5. Research, Research, Research
Know the company you are interviewing with. Some hiring managers will cleverly ask you questions to see how well you know their organization without being direct. It can be as subtle as “How do you see yourself fitting in here?” They don’t want a vague answer, they want specifics, so know ahead of time two or three ways you would fit within their company’s dynamics. If you can answer with an informed mind, it shows you have taken the time to learn as much about the company as you can.
6. Crank up the confidence
When it comes to exuding confidence in an interview, it can get tricky. Nobody likes to interview, but it is a necessary evil when navigating the job market. When you meet the hiring manager, fix your slovenly posture, sit up straight and answer questions with pride. It also doesn’t hurt to have examples of your work. A portfolio gives the interviewers a chance to see what you can do, and shows you take enough pride in your work to display it without being asked.
7. Have a good attitude
Confidence is great, but make sure your attitude does not branch into cockiness. Never say anything like “I should get this job because I feel like I am the best candidate for this position.” You have no way of knowing that, and to voice it makes an interviewer think that you may not fit in well with potential coworkers. Find the balance between highlighting your attributes and pretentiousness. Talk about why you’re awesome, but always remember to keep a genuine smile on your face.
8. Be determined
When you come across a job that you might not have all the qualifications for, don’t scroll past it.

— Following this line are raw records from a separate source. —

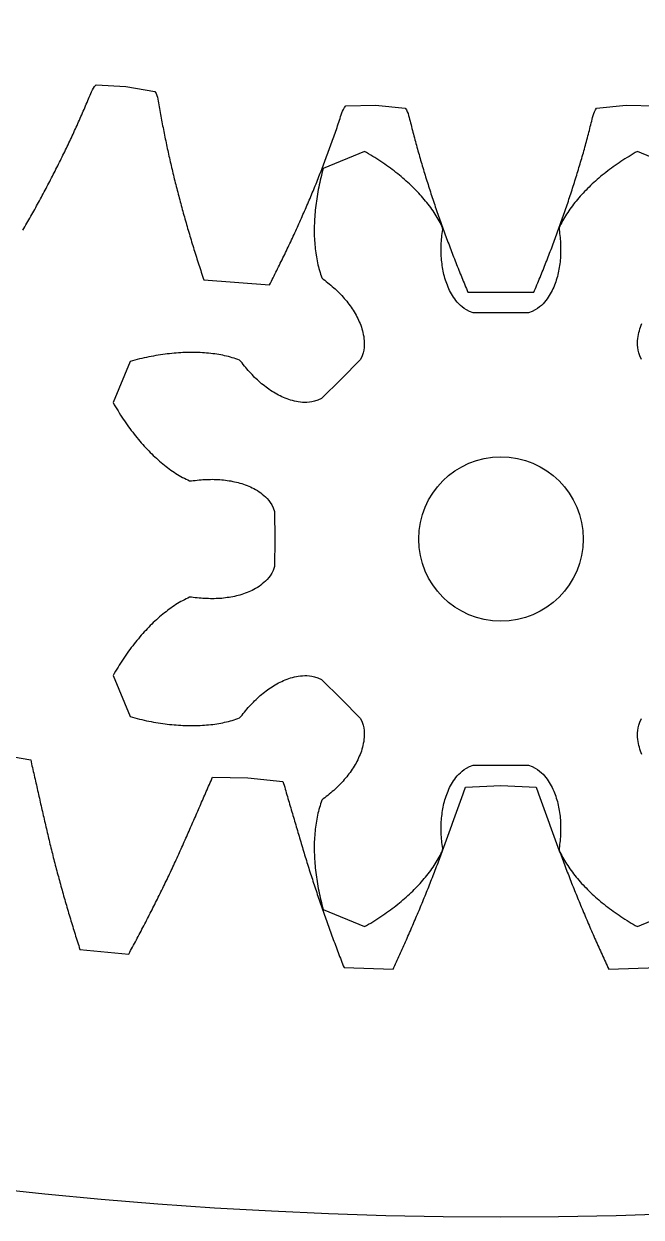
# Model space of a CAD drawing. Header units: metres. Extents: x -108 to 108, y -108 to 108.
# Drawn here: x -11.6 to 3.41, y -108.5 to -79.46 of the extents above; entities that cross this region are included whole.
import ezdxf

# ---------------------------------------------------------------- set-up
doc = ezdxf.new("R2010")
doc.units = ezdxf.units.M

msp = doc.modelspace()

# ---------------------------------------------------------------- linework, layer by layer
for points in [[(-11.626, -84.484), (-11.601, -84.442), (-11.577, -84.4), (-11.553, -84.358), (-11.529, -84.315), (-11.505, -84.273), (-11.481, -84.231), (-11.457, -84.189), (-11.433, -84.147), (-11.409, -84.105), (-11.386, -84.062), (-11.362, -84.02), (-11.339, -83.978), (-11.315, -83.936), (-11.292, -83.893), (-11.269, -83.851), (-11.246, -83.809), (-11.223, -83.767), (-11.2, -83.724), (-11.177, -83.682), (-11.154, -83.64), (-11.131, -83.597), (-11.108, -83.555), (-11.086, -83.512), (-11.063, -83.47), (-11.041, -83.428), (-11.019, -83.385), (-10.996, -83.343), (-10.974, -83.3), (-10.952, -83.258), (-10.93, -83.215), (-10.908, -83.173), (-10.886, -83.13), (-10.864, -83.088), (-10.843, -83.045), (-10.821, -83.003), (-10.8, -82.96), (-10.778, -82.917), (-10.757, -82.875), (-10.735, -82.832), (-10.714, -82.79), (-10.693, -82.747), (-10.672, -82.704), (-10.651, -82.662), (-10.63, -82.619), (-10.61, -82.576), (-10.589, -82.533), (-10.568, -82.491), (-10.548, -82.448), (-10.528, -82.405), (-10.507, -82.362), (-10.487, -82.32), (-10.467, -82.277), (-10.447, -82.234), (-10.427, -82.191), (-10.407, -82.148), (-10.387, -82.106), (-10.368, -82.063), (-10.348, -82.02), (-10.329, -81.977), (-10.309, -81.934), (-10.29, -81.891), (-10.271, -81.848), (-10.252, -81.805), (-10.233, -81.762), (-10.214, -81.719), (-10.195, -81.676), (-10.176, -81.633), (-10.157, -81.59), (-10.139, -81.547), (-10.121, -81.504), (-10.102, -81.461), (-10.084, -81.418), (-10.066, -81.375), (-10.048, -81.332), (-10.03, -81.289), (-10.012, -81.245), (-9.994, -81.202), (-9.977, -81.159), (-9.957, -81.116), (-9.936, -81.073), (-9.912, -81.031), (-9.883, -80.989), (-9.846, -80.948), (-9.125, -80.988), (-9.125, -80.988), (-8.414, -81.11), (-8.387, -81.158), (-8.368, -81.205), (-8.354, -81.252), (-8.342, -81.298), (-8.333, -81.344), (-8.325, -81.39), (-8.318, -81.436), (-8.31, -81.482), (-8.302, -81.528), (-8.294, -81.574), (-8.286, -81.62), (-8.278, -81.667), (-8.27, -81.713), (-8.261, -81.759), (-8.253, -81.805), (-8.244, -81.851), (-8.235, -81.897), (-8.227, -81.943), (-8.218, -81.989), (-8.209, -82.035), (-8.2, -82.081), (-8.191, -82.128), (-8.181, -82.174), (-8.172, -82.22), (-8.162, -82.266), (-8.153, -82.312), (-8.143, -82.358), (-8.134, -82.405), (-8.124, -82.451), (-8.114, -82.497), (-8.104, -82.543), (-8.094, -82.589), (-8.084, -82.636), (-8.073, -82.682), (-8.063, -82.728), (-8.052, -82.774), (-8.042, -82.82), (-8.031, -82.867), (-8.021, -82.913), (-8.01, -82.959), (-7.999, -83.005), (-7.988, -83.052), (-7.977, -83.098), (-7.966, -83.144), (-7.954, -83.191), (-7.943, -83.237), (-7.932, -83.283), (-7.92, -83.329), (-7.909, -83.376), (-7.897, -83.422), (-7.885, -83.468), (-7.873, -83.515), (-7.861, -83.561), (-7.849, -83.607), (-7.837, -83.654), (-7.825, -83.7), (-7.813, -83.746), (-7.8, -83.793), (-7.788, -83.839), (-7.775, -83.885), (-7.763, -83.932), (-7.75, -83.978), (-7.737, -84.025), (-7.725, -84.071), (-7.712, -84.117), (-7.699, -84.164), (-7.685, -84.21), (-7.672, -84.256), (-7.659, -84.303), (-7.646, -84.349), (-7.632, -84.396), (-7.619, -84.442), (-7.605, -84.488), (-7.592, -84.535), (-7.578, -84.581), (-7.564, -84.628), (-7.55, -84.674), (-7.536, -84.72), (-7.522, -84.767), (-7.508, -84.813), (-7.494, -84.86), (-7.48, -84.906), (-7.465, -84.953), (-7.451, -84.999), (-7.436, -85.046), (-7.422, -85.092), (-7.407, -85.138), (-7.392, -85.185), (-7.378, -85.231), (-7.363, -85.278), (-7.348, -85.324), (-7.333, -85.371), (-7.317, -85.417), (-7.302, -85.464), (-7.287, -85.51), (-7.272, -85.557), (-7.256, -85.603), (-7.241, -85.649), (-7.225, -85.696), (-5.628, -85.816), (-5.606, -85.772), (-5.583, -85.728), (-5.561, -85.685), (-5.539, -85.641), (-5.517, -85.597), (-5.495, -85.554), (-5.473, -85.51), (-5.451, -85.466), (-5.43, -85.423), (-5.408, -85.379), (-5.386, -85.335), (-5.365, -85.291), (-5.343, -85.248), (-5.322, -85.204), (-5.301, -85.16), (-5.28, -85.116), (-5.259, -85.073), (-5.238, -85.029), (-5.217, -84.985), (-5.196, -84.941), (-5.175, -84.897), (-5.154, -84.854), (-5.133, -84.81), (-5.113, -84.766), (-5.092, -84.722), (-5.072, -84.678), (-5.052, -84.634), (-5.031, -84.59), (-5.011, -84.547), (-4.991, -84.503), (-4.971, -84.459), (-4.951, -84.415), (-4.931, -84.371), (-4.912, -84.327), (-4.892, -84.283), (-4.872, -84.239), (-4.853, -84.195), (-4.833, -84.151), (-4.814, -84.107), (-4.795, -84.063), (-4.775, -84.019), (-4.756, -83.975), (-4.737, -83.931), (-4.718, -83.887), (-4.699, -83.843), (-4.681, -83.799), (-4.662, -83.755), (-4.643, -83.711), (-4.625, -83.667), (-4.606, -83.623), (-4.588, -83.579), (-4.57, -83.535), (-4.552, -83.491), (-4.533, -83.447), (-4.515, -83.403), (-4.497, -83.359), (-4.48, -83.315), (-4.462, -83.271), (-4.444, -83.226), (-4.427, -83.182), (-4.409, -83.138), (-4.392, -83.094), (-4.374, -83.05), (-4.357, -83.006), (-4.34, -82.962), (-4.323, -82.917), (-4.306, -82.873), (-4.289, -82.829), (-4.272, -82.785), (-4.256, -82.741), (-4.239, -82.696), (-4.223, -82.652), (-4.206, -82.608), (-4.19, -82.564), (-4.174, -82.52), (-4.157, -82.475), (-4.141, -82.431), (-4.125, -82.387), (-4.11, -82.343), (-4.094, -82.298), (-4.078, -82.254), (-4.063, -82.21), (-4.047, -82.165), (-4.032, -82.121), (-4.017, -82.077), (-4.001, -82.032), (-3.986, -81.988), (-3.971, -81.944), (-3.957, -81.899), (-3.942, -81.855), (-3.927, -81.811), (-3.913, -81.766), (-3.898, -81.722), (-3.884, -81.678), (-3.868, -81.633), (-3.849, -81.589), (-3.828, -81.545), (-3.803, -81.501), (-3.769, -81.458), (-3.047, -81.443), (-3.047, -81.443), (-2.329, -81.512), (-2.298, -81.558), (-2.276, -81.603), (-2.258, -81.649), (-2.244, -81.694), (-2.231, -81.74), (-2.22, -81.785), (-2.209, -81.83), (-2.198, -81.876), (-2.186, -81.921), (-2.175, -81.966), (-2.163, -82.011), (-2.152, -82.057), (-2.14, -82.102), (-2.128, -82.147), (-2.116, -82.193), (-2.104, -82.238), (-2.092, -82.283), (-2.08, -82.329), (-2.068, -82.374), (-2.055, -82.419), (-2.043, -82.465), (-2.03, -82.51), (-2.018, -82.555), (-2.005, -82.601), (-1.992, -82.646), (-1.979, -82.691), (-1.966, -82.737), (-1.953, -82.782), (-1.94, -82.827), (-1.926, -82.873), (-1.913, -82.918), (-1.899, -82.963), (-1.886, -83.009), (-1.872, -83.054), (-1.858, -83.099), (-1.844, -83.145), (-1.83, -83.19), (-1.816, -83.235), (-1.802, -83.281), (-1.788, -83.326), (-1.773, -83.371), (-1.759, -83.416), (-1.745, -83.462), (-1.73, -83.507), (-1.715, -83.552), (-1.701, -83.598), (-1.686, -83.643), (-1.671, -83.688), (-1.656, -83.734), (-1.641, -83.779), (-1.625, -83.824), (-1.61, -83.87), (-1.595, -83.915), (-1.579, -83.96), (-1.564, -84.005), (-1.548, -84.051), (-1.532, -84.096), (-1.517, -84.141), (-1.501, -84.187), (-1.485, -84.232), (-1.469, -84.277), (-1.453, -84.322), (-1.437, -84.368), (-1.42, -84.413), (-1.404, -84.458), (-1.388, -84.504), (-1.371, -84.549), (-1.354, -84.594), (-1.338, -84.639), (-1.321, -84.685), (-1.304, -84.73), (-1.287, -84.775), (-1.27, -84.82), (-1.253, -84.866), (-1.236, -84.911), (-1.219, -84.956), (-1.201, -85.002), (-1.184, -85.047), (-1.167, -85.092), (-1.149, -85.137), (-1.131, -85.182), (-1.114, -85.228), (-1.096, -85.273), (-1.078, -85.318), (-1.06, -85.363), (-1.042, -85.409), (-1.024, -85.454), (-1.006, -85.499), (-0.988, -85.544), (-0.969, -85.59), (-0.951, -85.635), (-0.932, -85.68), (-0.914, -85.725), (-0.895, -85.77), (-0.876, -85.816), (-0.858, -85.861), (-0.839, -85.906), (-0.82, -85.951), (-0.801, -85.996), (0.801, -85.996), (0.82, -85.951), (0.839, -85.906), (0.858, -85.861), (0.876, -85.816), (0.895, -85.77), (0.914, -85.725), (0.932, -85.68), (0.951, -85.635), (0.969, -85.59), (0.988, -85.544), (1.006, -85.499), (1.024, -85.454), (1.042, -85.409), (1.06, -85.363), (1.078, -85.318), (1.096, -85.273), (1.114, -85.228), (1.131, -85.182), (1.149, -85.137), (1.167, -85.092), (1.184, -85.047), (1.201, -85.002), (1.219, -84.956), (1.236, -84.911), (1.253, -84.866), (1.27, -84.82), (1.287, -84.775), (1.304, -84.73), (1.321, -84.685), (1.338, -84.639), (1.354, -84.594), (1.371, -84.549), (1.387, -84.504), (1.404, -84.458), (1.42, -84.413), (1.437, -84.368), (1.453, -84.322), (1.469, -84.277), (1.485, -84.232), (1.501, -84.187), (1.517, -84.141), (1.532, -84.096), (1.548, -84.051), (1.564, -84.005), (1.579, -83.96), (1.595, -83.915), (1.61, -83.87), (1.625, -83.824), (1.641, -83.779), (1.656, -83.734), (1.671, -83.688), (1.686, -83.643), (1.701, -83.598), (1.715, -83.552), (1.73, -83.507), (1.745, -83.462), (1.759, -83.416), (1.773, -83.371), (1.788, -83.326), (1.802, -83.281), (1.816, -83.235), (1.83, -83.19), (1.844, -83.145), (1.858, -83.099), (1.872, -83.054), (1.886, -83.009), (1.899, -82.963), (1.913, -82.918), (1.926, -82.873), (1.939, -82.827), (1.953, -82.782), (1.966, -82.737), (1.979, -82.691), (1.992, -82.646), (2.005, -82.601), (2.018, -82.555), (2.03, -82.51), (2.043, -82.465), (2.055, -82.419), (2.068, -82.374), (2.08, -82.329), (2.092, -82.283), (2.104, -82.238), (2.116, -82.193), (2.128, -82.147), (2.14, -82.102), (2.152, -82.057), (2.163, -82.011), (2.175, -81.966), (2.186, -81.921), (2.198, -81.876), (2.209, -81.83), (2.22, -81.785), (2.231, -81.74), (2.244, -81.694), (2.258, -81.649), (2.276, -81.603), (2.298, -81.558), (2.329, -81.512), (3.047, -81.443), (3.047, -81.443), (3.769, -81.458)], [(4.321, -82.982), (3.321, -82.568), (3.269, -82.597), (3.218, -82.627), (3.167, -82.657), (3.117, -82.688), (3.067, -82.719), (3.017, -82.75), (2.969, -82.781), (2.92, -82.813), (2.873, -82.845), (2.825, -82.877), (2.779, -82.91), (2.732, -82.943), (2.687, -82.976), (2.642, -83.01), (2.597, -83.044), (2.553, -83.078), (2.51, -83.113), (2.467, -83.147), (2.425, -83.182), (2.383, -83.218), (2.342, -83.253), (2.301, -83.289), (2.261, -83.325), (2.222, -83.361), (2.183, -83.398), (2.145, -83.435), (2.108, -83.472), (2.071, -83.509), (2.034, -83.546), (1.999, -83.584), (1.964, -83.622), (1.929, -83.66), (1.896, -83.699), (1.863, -83.737), (1.83, -83.776), (1.799, -83.815), (1.768, -83.855), (1.738, -83.894), (1.708, -83.934), (1.679, -83.974), (1.651, -84.014), (1.624, -84.054), (1.597, -84.095), (1.572, -84.136), (1.547, -84.176), (1.523, -84.218), (1.5, -84.259), (1.478, -84.301), (1.457, -84.342), (1.437, -84.384), (1.418, -84.427), (1.417, -84.472), (1.423, -84.519), (1.428, -84.566), (1.434, -84.613), (1.438, -84.66), (1.442, -84.706), (1.446, -84.753), (1.449, -84.799), (1.45, -84.846), (1.451, -84.892), (1.452, -84.938), (1.453, -84.984), (1.452, -85.03), (1.451, -85.075), (1.449, -85.121), (1.446, -85.166), (1.443, -85.212), (1.439, -85.257), (1.432, -85.301), (1.426, -85.346), (1.42, -85.391), (1.413, -85.435), (1.403, -85.479), (1.395, -85.524), (1.384, -85.567), (1.374, -85.611), (1.362, -85.654), (1.348, -85.698), (1.333, -85.74), (1.318, -85.783), (1.302, -85.826), (1.285, -85.868), (1.267, -85.91), (1.249, -85.953), (1.226, -85.994), (1.202, -86.035), (1.177, -86.076), (1.151, -86.117), (1.124, -86.157), (1.093, -86.197), (1.06, -86.237), (1.025, -86.276), (0.985, -86.315), (0.94, -86.353), (0.892, -86.39), (0.833, -86.427), (0.762, -86.462), (0.672, -86.496), (0, -86.5), (0, -86.5), (-0.672, -86.496), (-0.762, -86.462), (-0.833, -86.427), (-0.892, -86.39), (-0.94, -86.353), (-0.985, -86.315), (-1.025, -86.276), (-1.06, -86.237), (-1.093, -86.197), (-1.124, -86.157), (-1.151, -86.117), (-1.177, -86.076), (-1.202, -86.035), (-1.226, -85.994), (-1.249, -85.953), (-1.267, -85.91), (-1.285, -85.868), (-1.302, -85.826), (-1.318, -85.783), (-1.333, -85.74), (-1.348, -85.698), (-1.362, -85.654), (-1.374, -85.611), (-1.384, -85.567), (-1.395, -85.524), (-1.403, -85.479), (-1.413, -85.435), (-1.42, -85.391), (-1.426, -85.346), (-1.432, -85.301), (-1.439, -85.257), (-1.443, -85.212), (-1.446, -85.166), (-1.449, -85.121), (-1.451, -85.075), (-1.452, -85.03), (-1.453, -84.984), (-1.452, -84.938), (-1.451, -84.892), (-1.45, -84.846), (-1.449, -84.799), (-1.446, -84.753), (-1.442, -84.706), (-1.438, -84.66), (-1.434, -84.613), (-1.428, -84.566), (-1.423, -84.519), (-1.416, -84.472), (-1.418, -84.427), (-1.437, -84.384), (-1.457, -84.342), (-1.478, -84.301), (-1.5, -84.259), (-1.523, -84.218), (-1.547, -84.176), (-1.572, -84.136), (-1.597, -84.095), (-1.624, -84.054), (-1.651, -84.014), (-1.679, -83.974), (-1.708, -83.934), (-1.738, -83.894), (-1.768, -83.855), (-1.799, -83.815), (-1.83, -83.776), (-1.863, -83.737), (-1.896, -83.699), (-1.929, -83.66), (-1.964, -83.622), (-1.999, -83.584), (-2.034, -83.546), (-2.071, -83.509), (-2.108, -83.472), (-2.145, -83.435), (-2.183, -83.398), (-2.222, -83.361), (-2.261, -83.325), (-2.301, -83.289), (-2.342, -83.253), (-2.383, -83.218), (-2.425, -83.182), (-2.467, -83.147), (-2.51, -83.113), (-2.553, -83.078), (-2.597, -83.044), (-2.642, -83.01), (-2.687, -82.976), (-2.732, -82.943), (-2.779, -82.91), (-2.825, -82.877), (-2.873, -82.845), (-2.92, -82.813), (-2.969, -82.781), (-3.017, -82.75), (-3.067, -82.719), (-3.117, -82.688), (-3.167, -82.657), (-3.218, -82.627), (-3.269, -82.597), (-3.321, -82.568), (-4.321, -82.982), (-4.337, -83.039), (-4.352, -83.097), (-4.367, -83.154), (-4.381, -83.211), (-4.394, -83.268), (-4.407, -83.325), (-4.42, -83.382), (-4.431, -83.439), (-4.442, -83.495), (-4.453, -83.552), (-4.463, -83.608), (-4.472, -83.664), (-4.481, -83.72), (-4.489, -83.775), (-4.496, -83.831), (-4.503, -83.886), (-4.51, -83.941), (-4.515, -83.996), (-4.521, -84.05), (-4.525, -84.105), (-4.529, -84.159), (-4.532, -84.213), (-4.535, -84.267), (-4.537, -84.32), (-4.539, -84.373), (-4.54, -84.426), (-4.54, -84.479), (-4.54, -84.532), (-4.539, -84.584), (-4.538, -84.636), (-4.535, -84.687), (-4.533, -84.739), (-4.529, -84.79), (-4.525, -84.84), (-4.521, -84.891), (-4.516, -84.941), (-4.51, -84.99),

Submit your resume anyway, and on the cover letter include a line stating, “While I might be lacking the experience you are seeking I still think I would be a good fit for your company because…” Some employers might still ignore your resume, but others might admire that you gave it a shot and grant you an interview.
9. Look in the right place
Monster, Simply Hired, and Indeed are all perfect examples of job listing sites you should turn to in your hunt for employment. Not only do they keep your resume on file for potential employers to pursue, but will also send your resume to employers that post jobs in your field. Also, remember that the bigger the company, the more likely your lack of experience will be overlooked. Larger corporations might have better resources to teach you what you need to know, while smaller institutions might not have the time or extra hands to get you started.
10. Be willing to compromise
Remember that interviewers are well-versed in reading an applicant’s reaction to things. If they tell you the potentially low salary, keep that smile on your face. If you are a teacher seeking to teach a particular grade, but are told in the interview that there are only positions in other grades available, don’t write them off so fast. Tell the interviewer that you would be willing to consider those jobs. You don’t want to be written off as inflexible. If you do receive a job offer that doesn’t meet all your requirements, don’t reject it right away. Take the time to sit down and weigh the pros and cons of the position. Who knows when the next offer will come along?
Entering the work force a job hunt is never easy. Just remember to keep that positive attitude; someone will eventually give you a chance.